When you switch on Sky now it should switch the TV, if it does not then either the Scart lead you have is not fully wired or the LG TV does not auto switch for some bizarre reason.

JC


----------



## scavenger (Jun 25, 2002)

slg said:


> The component cable the goes from the dvd to tv has 3 connectors on each end - all plugged in.


Sorry I think I added confusion, I assume then you have a 3 wire component cable? Plugged from your DVD (Y, Pb, and Pr connectors) to the same on your TV. You can buy a 5 or 6 lead component cable that also carries audio which you plug into the adjacent audio connectors on the TV. This way you can watch a DVD on the TV without your surround sound.

A composite cable is just 3 wires, generally yellow (video) and red/white (audio).



> The audio from the sky+ into the dvd takes the sound from sky to the dvd for the surround sound (I think)


Indeed it does.



> You also seem to have a separate amp aswell where I don't (it's all one with the dvd player). If you are taking audio outs from each device, is that not similar to taking an audio from the sky & putting it into the all in one amp/dvd player that I have?
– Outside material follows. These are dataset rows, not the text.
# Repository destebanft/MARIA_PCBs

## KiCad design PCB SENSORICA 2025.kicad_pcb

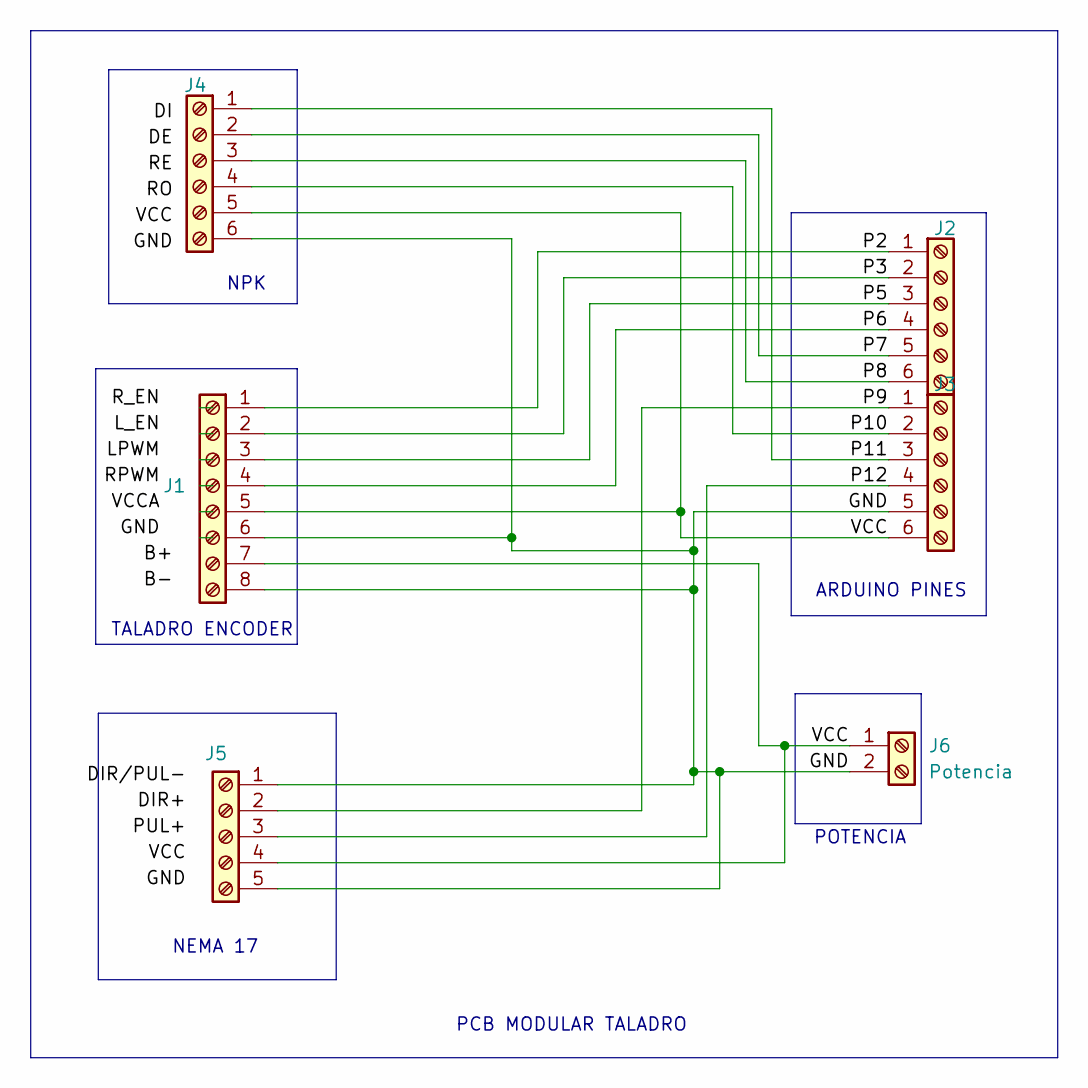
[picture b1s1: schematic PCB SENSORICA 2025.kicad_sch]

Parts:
J1: Taladro Encoder; TerminalBlock_bornier-8_P5.08mm
J2: Arduino_2; TerminalBlock_bornier-6_P5.08mm
J3: Arduino_1; TerminalBlock_bornier-6_P5.08mm
J4: NPK; TerminalBlock_bornier-6_P5.08mm
J5: Nema 17; TerminalBlock_bornier-5_P5.08mm
J6: Potencia; TerminalBlock_bornier-2_P5.08mm

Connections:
/GND: J1.6, J1.8, J3.5, J4.6, J5.1, J5.5, J6.2
/P2: J1.1, J2.1
/P3: J1.2, J2.2
/P5: J1.3, J2.3
/P6: J1.4, J2.4
/P7: J2.5, J4.2
/P8: J2.6, J4.3
/P9: J3.1, J5.2
/P10: J3.2, J4.4
/P11: J3.3, J4.1
/P12: J3.4, J5.3
/VCC: J1.5, J1.7, J3.6, J4.5, J5.4, J6.1

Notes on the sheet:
POTENCIA
NPK
PCB MODULAR TALADRO
TALADRO ENCODER
NEMA 17
ARDUINO PINES

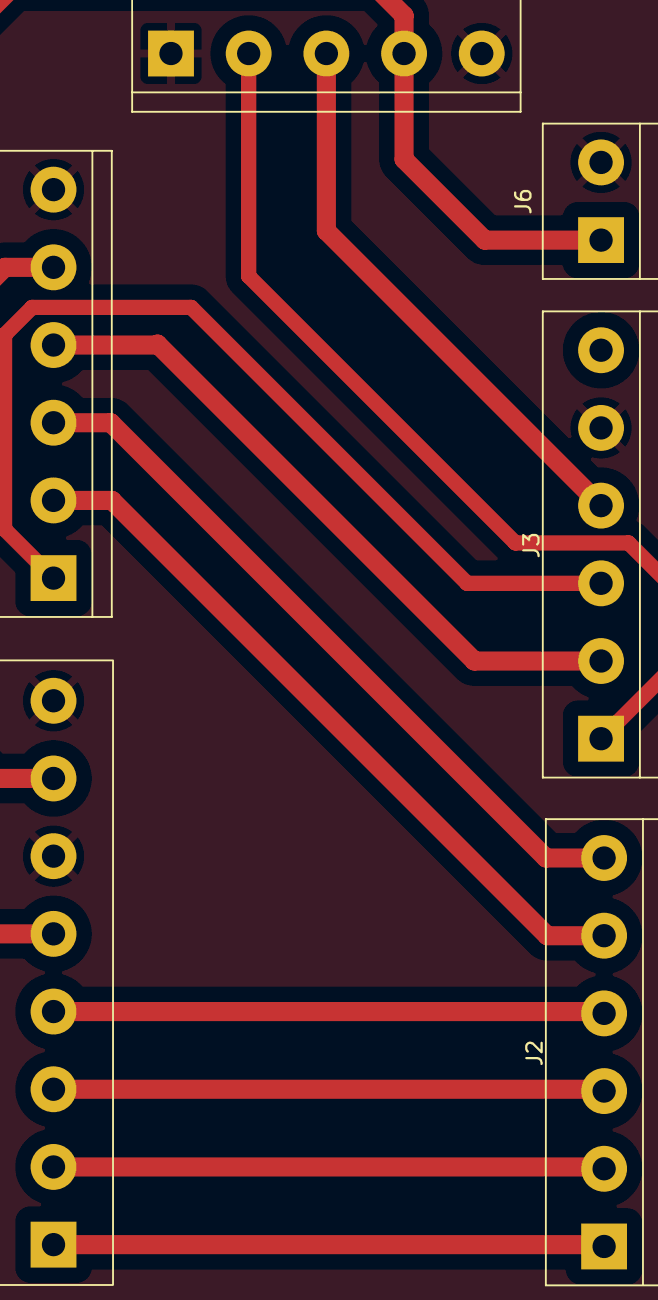
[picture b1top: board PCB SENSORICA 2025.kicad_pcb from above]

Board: 2 copper layers, 6 parts (0 on the bottom side), 12 nets.

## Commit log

2025-04-27 Upñoad files
2025-04-28 Generación de los archivos .drl

Yes, I didn't realize you were using the surround sound feature of the DVD and had separate speakers plugged into it.

All very confusing! Glad you got it sorted.



John C said:


> When you switch on Sky now it should switch the TV, if it does not then either the Scart lead you have is not fully wired or the LG TV does not auto switch for some bizarre reason.


LG doesn't auto switch, a pain in the butt :evil:


----------



## djp10tt (Jul 20, 2003)

Go optical from Plasma to Sky + and scart for DVD to TV


----------



## jampott (Sep 6, 2003)

djp10tt said:


> Go optical from Plasma to Sky + and scart for DVD to TV


Optical? WTF are you talking about?


----------



## djp10tt (Jul 20, 2003)

THE one marked optical on the on the Sky box and the Plasma tuner box.


----------



## jampott (Sep 6, 2003)

Hmmmm lovely. I don't see what it'll do.

The optical output on the plasma is to take the audio signal from the TV to an amp, presumably in case Freeview manages to broadcast in 5.1 surround sound somewhere down the line, and assuming that the plasma has a digital tuner.

Connecting the optical output on the Sky+ box to the same on the plasma won't accomplish anything.


----------



## djp10tt (Jul 20, 2003)

oops! Sorry  . I will look at my instalationwhen I get a minute


----------